Témoignage abstention : « J’ai arrêté de voter depuis les européennes en 2014. C’est douloureux pour moi, car j’avais une haute estime de la politique avant, de par ma culture et mon éducation, où j’ai baigné dans le militantisme. »

Juil 19, 2020 | Politique, Société | 0 commentaires

Temps de lecture : 3 minutes
Nadjib, 37 ans, Reporter télévision
 
« Je suis reporter depuis maintenant 11 ans, spécialisé en géopolitique et en culture. Avant d’exercer ce métier, j’enseignais dans des classes Relais (jeunes en décrochage scolaire) l’initiation au reportage et le contrôle de l’image. J’intervenais sur ces sujets suite à des cas de happyslapping parmi les élèves de ma classe qui n’étaient clairement pas conscients de la gravité de leurs actes.

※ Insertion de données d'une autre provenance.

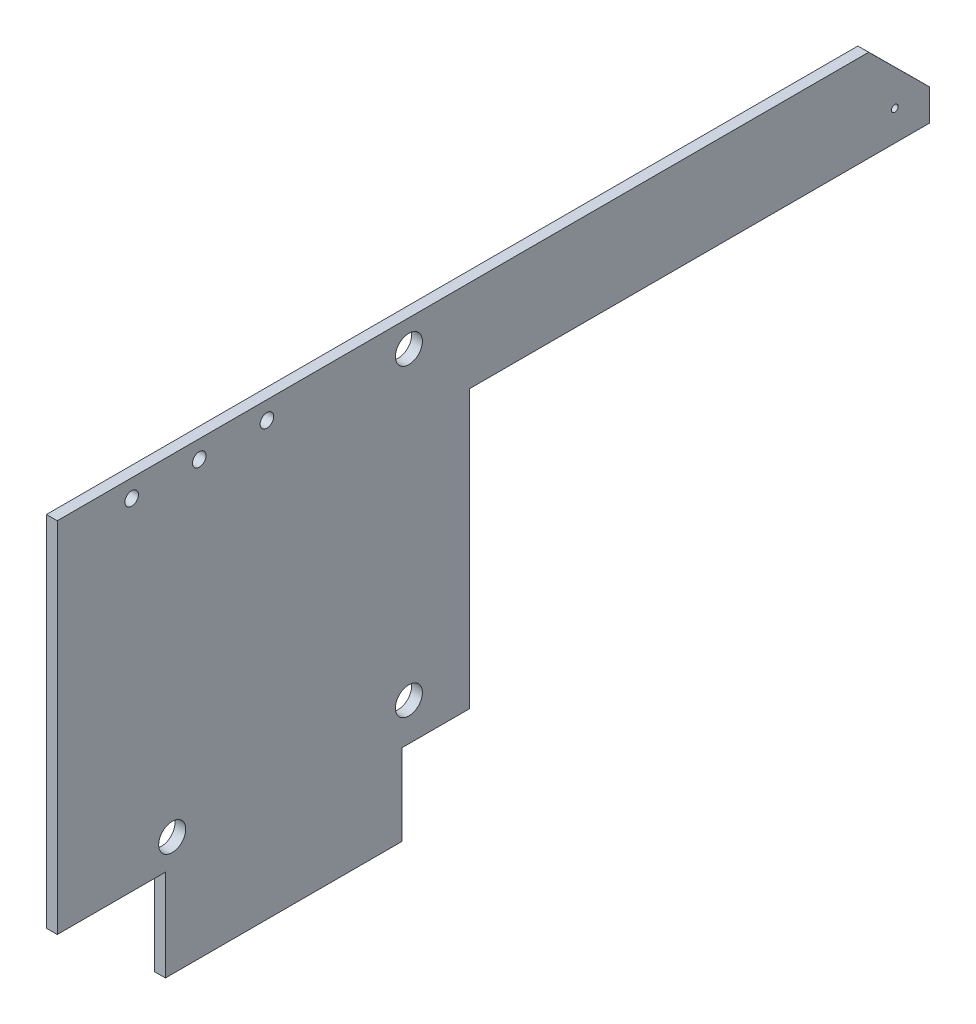
from build123d import *

# Parameters (mm, degrees)
SKETCH1_R           = 2
SKETCH1_R_2         = 1
SKETCH1_R_3         = 0.5
BOSS_EXTRUDE1_DEPTH = 1.6


with BuildPart() as part:
    # Sketch1 → Boss-Extrude1 (new body)
    with BuildSketch(Plane(origin=(0, 0, 0), x_dir=(0, 0, -1), z_dir=(1, 0, 0))):
        Polygon((3, 11), (3, 64), (123, 64), (132, 55.063430305), (132, 50.423430305), (64, 50.423430305), (64, 9.436073979), (54, 9.436073979), (54, -2.563926021), (19, -2.563926021), (19, 11), align=None)
        with Locations((20, 15)):
            Circle(SKETCH1_R, mode=Mode.SUBTRACT)
        with Locations((55, 15)):
            Circle(SKETCH1_R, mode=Mode.SUBTRACT)
        with Locations((55, 60)):
            Circle(SKETCH1_R, mode=Mode.SUBTRACT)
        with Locations((14, 61.35)):
            Circle(SKETCH1_R_2, mode=Mode.SUBTRACT)
        with Locations((24, 61.35)):
            Circle(SKETCH1_R_2, mode=Mode.SUBTRACT)
        with Locations((34, 61.35)):
            Circle(SKETCH1_R_2, mode=Mode.SUBTRACT)
        with Locations((126.861808856, 54.882900864)):
            Circle(SKETCH1_R_3, mode=Mode.SUBTRACT)
    extrude(amount=BOSS_EXTRUDE1_DEPTH)


solid = part.part
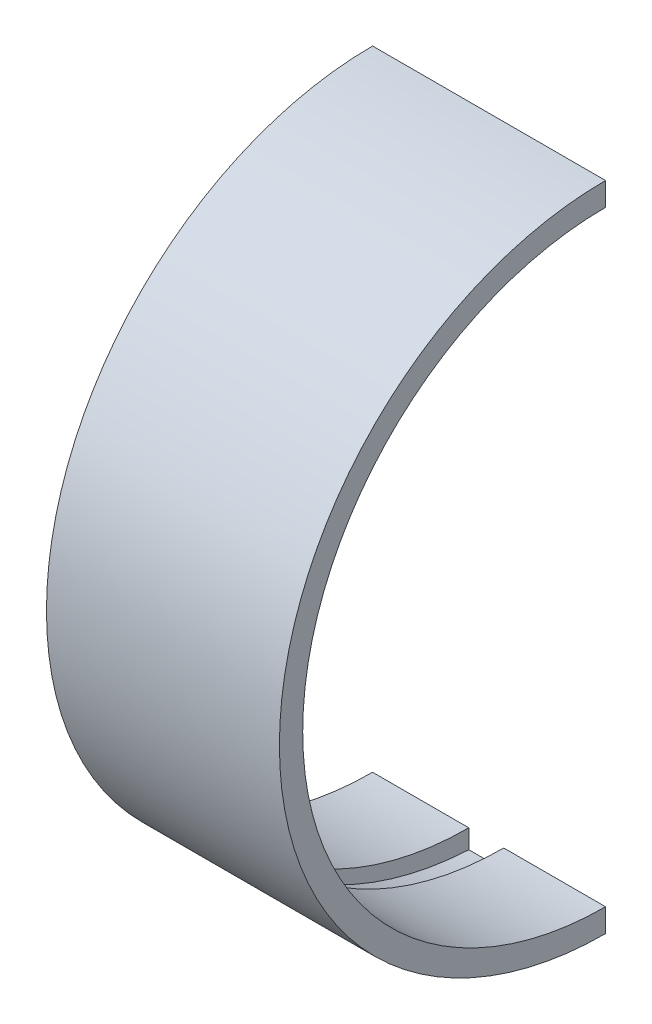
from build123d import *

# Parameters (mm, degrees)
EXTRUDE_THIN1_DEPTH = 508
CAVITY2_START       = 209.868015847
CAVITY2_DEPTH       = 76.2


# Read off the part's stored shape, not the designer's step: Cavity2
with BuildPart() as part:
    # Sketch1 → Extrude-Thin1 (new body)
    with BuildSketch(Plane(origin=(0, 0, 0), x_dir=(0, 0, -1), z_dir=(1, 0, 0))):
        with BuildLine():
            ThreePointArc((0, 660.4), (-660.4, 0), (0, -660.4))
            Line((0, -660.4), (0, -711.2))
            ThreePointArc((0, -711.2), (-711.2, 0), (0, 711.2))
            Line((0, 711.2), (0, 660.4))
        make_face()
    extrude(amount=EXTRUDE_THIN1_DEPTH)

    # Cavity2 outline → Cavity2 (cut)
    with BuildSketch(Plane.YZ.offset(CAVITY2_START)):
        with BuildLine():
            ThreePointArc((706.028233309, 0), (2.092834501, 668.954640909), (-701.842564308, 0))
            Line((-701.842564308, 0), (-660.4, 0))
            ThreePointArc((-660.4, 0), (0, 660.4), (660.4, 0))
            Line((660.4, 0), (706.028233309, 0))
        make_face()
    extrude(amount=CAVITY2_DEPTH, mode=Mode.SUBTRACT)


solid = part.part
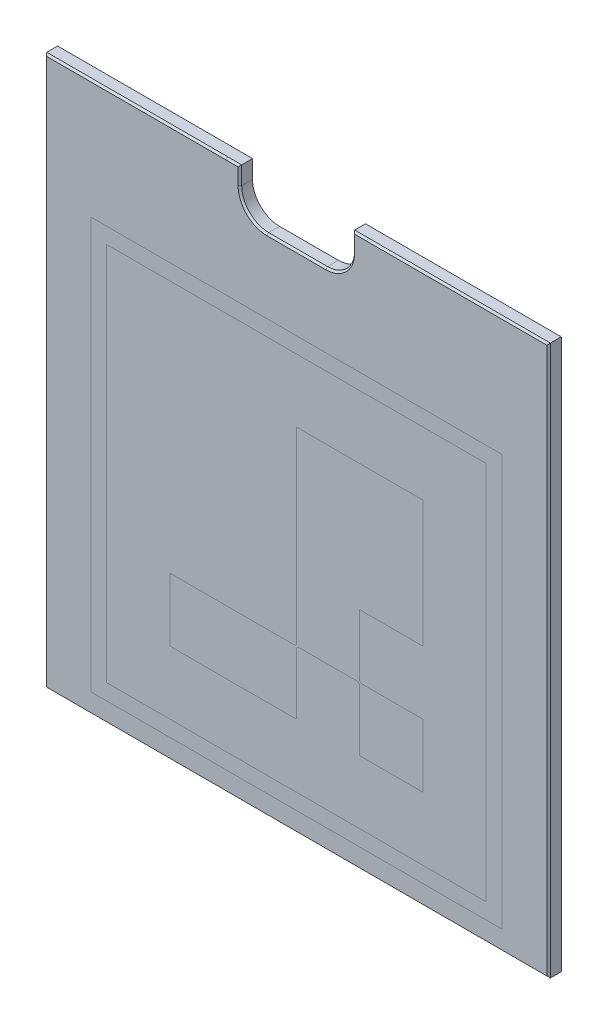
from build123d import *
from build123d.topology import SkipClean

# Parameters (mm, degrees)
SKETCH1_R           = 1.35
BOSS_EXTRUDE1_DEPTH = 2.8
SKETCH3_R           = 2.5
CUT_EXTRUDE1_DEPTH  = 2.2
SKETCH4_W           = 91.3
SKETCH4_H           = 85.4
CUT_EXTRUDE2_DEPTH  = 1.5
CUT_EXTRUDE3_DEPTH  = 0.2
SKETCH6_W           = 2.7
SKETCH6_H           = 2.7
CUT_EXTRUDE4_DEPTH  = 0.2
CHAMFER1_SIZE       = 0.4
SKETCH7_W           = 91
SKETCH7_H           = 91
CUT_EXTRUDE5_DEPTH  = 0.4
SKETCH8_W           = 91
SKETCH8_H           = 91
SKETCH8_W_2         = 84
SKETCH8_H_2         = 84
BOSS_EXTRUDE2_DEPTH = 0.4
CUT_EXTRUDE6_DEPTH  = 0.4
BOSS_EXTRUDE3_DEPTH = 0.4
BOSS_EXTRUDE4_START = -2.8
SKETCH11_W          = 31.175
SKETCH11_H          = 25.7
BOSS_EXTRUDE4_DEPTH = 2.8
CHAMFER2_SIZE       = 0.4
SKETCH12_R          = 2.5
BOSS_EXTRUDE5_DEPTH = 2.8
SKETCH13_R          = 3.2
CUT_EXTRUDE7_DEPTH  = 1.2
SKETCH14_W          = 25
SKETCH14_H          = 10
CUT_EXTRUDE8_DEPTH  = 88.754163007
FILLET1_R           = 6
CHAMFER3_SIZE       = 0.4


with BuildPart() as part:
    # Sketch1 → Boss-Extrude1 (new body)
    with BuildSketch(Plane.XY):
        Polygon((-15.25, 54.05), (-15.25, 28.75), (15.125, 28.75), (15.125, 54.05), (55.825, 54.05), (55.825, -67.65), (-55.65, -67.65), (-55.65, 54.05), align=None)
        with Locations((-52, 50)):
            Circle(SKETCH1_R, mode=Mode.SUBTRACT)
        with Locations((-52, 2.9)):
            Circle(SKETCH1_R, mode=Mode.SUBTRACT)
        with Locations((-52, -64)):
            Circle(SKETCH1_R, mode=Mode.SUBTRACT)
        with Locations((52, 50)):
            Circle(SKETCH1_R, mode=Mode.SUBTRACT)
        with Locations((52, 2.9)):
            Circle(SKETCH1_R, mode=Mode.SUBTRACT)
        with Locations((52, -64)):
            Circle(SKETCH1_R, mode=Mode.SUBTRACT)
    extrude(amount=BOSS_EXTRUDE1_DEPTH)

    # Sketch3 → Cut-Extrude1 (cut)
    with BuildSketch(Plane.XY.offset(2.8)):
        with Locations((-52, 50)):
            Circle(SKETCH3_R)
        with Locations((-52, 2.9)):
            Circle(SKETCH3_R)
        with Locations((-52, -64)):
            Circle(SKETCH3_R)
        with Locations((52, -64)):
            Circle(SKETCH3_R)
        with Locations((52, 2.9)):
            Circle(SKETCH3_R)
        with Locations((52, 50)):
            Circle(SKETCH3_R)
    extrude(amount=-CUT_EXTRUDE1_DEPTH, mode=Mode.SUBTRACT)

    # Sketch4 → Cut-Extrude2 (cut)
    with BuildSketch(Plane(origin=(0, 0, 0), x_dir=(-1, 0, 0), z_dir=(0, 0, -1))):
        with Locations((0, -14.95)):
            Rectangle(SKETCH4_W, SKETCH4_H)
    extrude(amount=-CUT_EXTRUDE2_DEPTH, mode=Mode.SUBTRACT)

    # Sketch5 → Cut-Extrude3 (cut)
    with SkipClean():  # the faces are left unmerged after this step: merging them gives an invalid solid
        with BuildSketch(Plane.XY.offset(0.6)):
            with BuildLine():
                Line((-53.35, 47.895837459), (-53.35, 52.104162541))
                ThreePointArc((-53.35, 52.104162541), (-52, 52.5), (-50.65, 52.104162541))
                Line((-50.65, 52.104162541), (-50.65, 47.895837459))
                ThreePointArc((-50.65, 47.895837459), (-52, 47.5), (-53.35, 47.895837459))
            make_face()
            with BuildLine():
                Line((-53.35, 0.795837459), (-53.35, 5.004162541))
                ThreePointArc((-53.35, 5.004162541), (-52, 5.4), (-50.65, 5.004162541))
                Line((-50.65, 5.004162541), (-50.65, 0.795837459))
                ThreePointArc((-50.65, 0.795837459), (-52, 0.4), (-53.35, 0.795837459))
            make_face()
            with BuildLine():
                Line((-53.35, -66.104162541), (-53.35, -61.895837459))
                ThreePointArc((-53.35, -61.895837459), (-52, -61.5), (-50.65, -61.895837459))
                Line((-50.65, -61.895837459), (-50.65, -66.104162541))
                ThreePointArc((-50.65, -66.104162541), (-52, -66.5), (-53.35, -66.104162541))
            make_face()
        cut_extrude3 = extrude(amount=-CUT_EXTRUDE3_DEPTH, mode=Mode.SUBTRACT)

    # Sketch6 → Cut-Extrude4 (cut)
    with SkipClean():  # the faces are left unmerged after this step: merging them gives an invalid solid
        with BuildSketch(Plane.XY.offset(0.4)):
            with Locations((-52, -64)):
                Rectangle(SKETCH6_W, SKETCH6_H)
            with Locations((-52, 2.9)):
                Rectangle(SKETCH6_W, SKETCH6_H)
            with Locations((-52, 50)):
                Rectangle(SKETCH6_W, SKETCH6_H)
        cut_extrude4 = extrude(amount=-CUT_EXTRUDE4_DEPTH, mode=Mode.SUBTRACT)

    # Mirror1: Cut-Extrude3, Cut-Extrude4 across plane
    with SkipClean():  # the faces are left unmerged after this step: merging them gives an invalid solid
        add(cut_extrude3.mirror(Plane(origin=(0, 0, 0), x_dir=(0, 0, 1), z_dir=(1, 0, 0))), mode=Mode.SUBTRACT)
        add(cut_extrude4.mirror(Plane(origin=(0, 0, 0), x_dir=(0, 0, 1), z_dir=(1, 0, 0))), mode=Mode.SUBTRACT)

    # Chamfer1
    chamfer1_edges = [part.edges().sort_by_distance(p)[0] for p in [
        (55.825, -6.8, 2.8),
        (35.475, 54.05, 2.8),
        (15.125, 41.4, 2.8),
        (-0.0625, 28.75, 2.8),
        (-15.25, 41.4, 2.8),
        (-35.45, 54.05, 2.8),
        (-55.65, -6.8, 2.8),
        (0.0875, -67.65, 2.8),
    ]]
    chamfer(chamfer1_edges, length=CHAMFER1_SIZE)

    # Sketch7 → Cut-Extrude5 (cut)
    with SkipClean():  # the faces are left unmerged after this step: merging them gives an invalid solid
        with BuildSketch(Plane.XY.offset(2.8)):
            with Locations((0, -17.75)):
                Rectangle(SKETCH7_W, SKETCH7_H)
            Polygon((28, 24.25), (42, 24.25), (42, 10.25), (42, -3.75), (42, -17.75), (42, -31.75), (42, -45.75), (42, -59.75), (28, -59.75), (14, -59.75), (0, -59.75), (-14, -59.75), (-28, -59.75), (-42, -59.75), (-42, -45.75), (-42, -31.75), (-42, -17.75), (-42, -3.75), (-42, 10.25), (-42, 24.25), (-28, 24.25), (-14, 24.25), (0, 24.25), (14, 24.25), align=None, mode=Mode.SUBTRACT)
        extrude(amount=-CUT_EXTRUDE5_DEPTH, mode=Mode.SUBTRACT)

    # Sketch9 → Cut-Extrude6 (cut)
    with SkipClean():  # the faces are left unmerged after this step: merging them gives an invalid solid
        with BuildSketch(Plane.XY.offset(2.8)):
            Polygon((-28, -31.75), (-28, -45.75), (-14, -45.75), (0, -45.75), (0, -32.103553391), (0.353553391, -31.75), (13.646446609, -31.75), (14, -32.103553391), (14, -45.75), (28, -45.75), (28, -31.75), (14.353553391, -31.75), (14, -31.396446609), (14, -17.75), (28, -17.75), (28, -3.75), (28, 10.25), (14, 10.25), (0, 10.25), (0, -3.75), (0, -17.75), (0, -31.396446609), (-0.353553391, -31.75), (-14, -31.75), align=None)
        extrude(amount=-CUT_EXTRUDE6_DEPTH, mode=Mode.SUBTRACT)

    # Sketch11 → Boss-Extrude4 (add)
    with SkipClean():  # the faces are left unmerged after this step: merging them gives an invalid solid
        with BuildSketch(Plane.XY.offset(2.8).offset(BOSS_EXTRUDE4_START)):
            with Locations((-0.0625, 41.2)):
                Rectangle(SKETCH11_W, SKETCH11_H)
        extrude(amount=BOSS_EXTRUDE4_DEPTH)

    # Chamfer2
    chamfer2_edges = [part.edges().sort_by_distance(p)[0] for p in [
        (-0.0625, 54.05, 2.8),
    ]]
    chamfer(chamfer2_edges, length=CHAMFER2_SIZE - 0.0001)  # a hair under: the kernel refuses the full size

    # Sketch12 → Boss-Extrude5 (add)
    with BuildSketch(Plane.XY.offset(2.8)):
        with Locations((52, -64)):
            Circle(SKETCH12_R)
        with Locations((52, 50)):
            Circle(SKETCH12_R)
        with Locations((52, 2.9)):
            Circle(SKETCH12_R)
        with Locations((-52, -64)):
            Circle(SKETCH12_R)
        with Locations((-52, 2.9)):
            Circle(SKETCH12_R)
        with Locations((-52, 50)):
            Circle(SKETCH12_R)
    extrude(amount=-BOSS_EXTRUDE5_DEPTH)

    # Sketch13 → Cut-Extrude7 (cut)
    with BuildSketch(Plane(origin=(0, 0, 0), x_dir=(-1, 0, 0), z_dir=(0, 0, -1))):
        with Locations((-50.825, 49.05)):
            Circle(SKETCH13_R)
        with Locations((50.825, 49.05)):
            Circle(SKETCH13_R)
        with Locations((50.825, -62.65)):
            Circle(SKETCH13_R)
        with Locations((-50.825, -62.65)):
            Circle(SKETCH13_R)
        with Locations((-50.825, -6.8)):
            Circle(SKETCH13_R)
        with Locations((50.825, -6.8)):
            Circle(SKETCH13_R)
    extrude(amount=-CUT_EXTRUDE7_DEPTH, mode=Mode.SUBTRACT)

    # Sketch14 → Cut-Extrude8 (cut, through all)
    with BuildSketch(Plane.XY.offset(2.8)):
        with Locations((0, 49.05)):
            Rectangle(SKETCH14_W, SKETCH14_H)
    extrude(amount=-CUT_EXTRUDE8_DEPTH, mode=Mode.SUBTRACT)

    # Fillet1
    fillet1_edges = [part.edges().sort_by_distance(p)[0] for p in [
        (-12.5, 44.05, 1.4),
        (12.5, 44.05, 1.4),
    ]]
    fillet(fillet1_edges, radius=FILLET1_R)

    # Chamfer3
    chamfer3_edges = [part.edges().sort_by_distance(p)[0] for p in [
        (-12.5, 51.85005, 2.8),
        (12.5, 51.85005, 2.8),
        (0, 44.05, 2.8),
        (10.742640687, 45.807359313, 2.8),
        (-10.742640687, 45.807359313, 2.8),
    ]]
    chamfer(chamfer3_edges, length=CHAMFER3_SIZE)


with BuildPart() as body_2:
    # Sketch8 → Boss-Extrude2 (new body)
    with BuildSketch(Plane.XY.offset(2.4)):
        with Locations((0, -17.75)):
            Rectangle(SKETCH8_W, SKETCH8_H)
        with Locations((0, -17.75)):
            Rectangle(SKETCH8_W_2, SKETCH8_H_2, mode=Mode.SUBTRACT)
    extrude(amount=BOSS_EXTRUDE2_DEPTH)


with BuildPart() as body_3:
    # Sketch10 → Boss-Extrude3 (new body)
    with BuildSketch(Plane.XY.offset(2.4)):
        Polygon((28, -31.75), (14.353553391, -31.75), (14, -31.396446609), (14, -17.75), (28, -17.75), (28, 10.25), (0, 10.25), (0, -31.396446609), (-0.353553391, -31.75), (-28, -31.75), (-28, -45.75), (0, -45.75), (0, -32.103553391), (0.353553391, -31.75), (13.646446609, -31.75), (14, -32.103553391), (14, -45.75), (28, -45.75), align=None)
    extrude(amount=BOSS_EXTRUDE3_DEPTH)


solid = Compound([part.part, body_2.part, body_3.part])

Mon travail a été repéré par une réalisatrice qui m’a formé au montage et à la vidéo. Puis, j’ai rencontré une journaliste qui m’a formé à son métier durant 3 ans et qui m’a ouvert son réseau, car elle a trouvé que le métier de journaliste était fait pour moi.
J’ai toujours aimé voyager, et je suis passionné d’actualité internationale, car je considère que dans un monde globalisé, les vraies décisions politiques se prennent au niveau international.
Mon école, c’est celle du voyage et du théâtre. Au lycée, je passais mon temps à organiser des manifestations et à remettre en question le système scolaire, qui pour moi est inadapté au monde actuel. J’ai donc eu la chance d’évoluer dans un milieu favorisé, ce qui m’a permis de m’émanciper par le voyage car j’ai une image négative de l’école. Ces voyages m’ont permis d’avoir une carrière internationale.
J’ai arrêté de voter depuis les européennes en 2014. C’est douloureux pour moi, car j’avais une haute estime de la politique avant, de par ma culture et mon éducation, où j’ai baigné dans le militantisme.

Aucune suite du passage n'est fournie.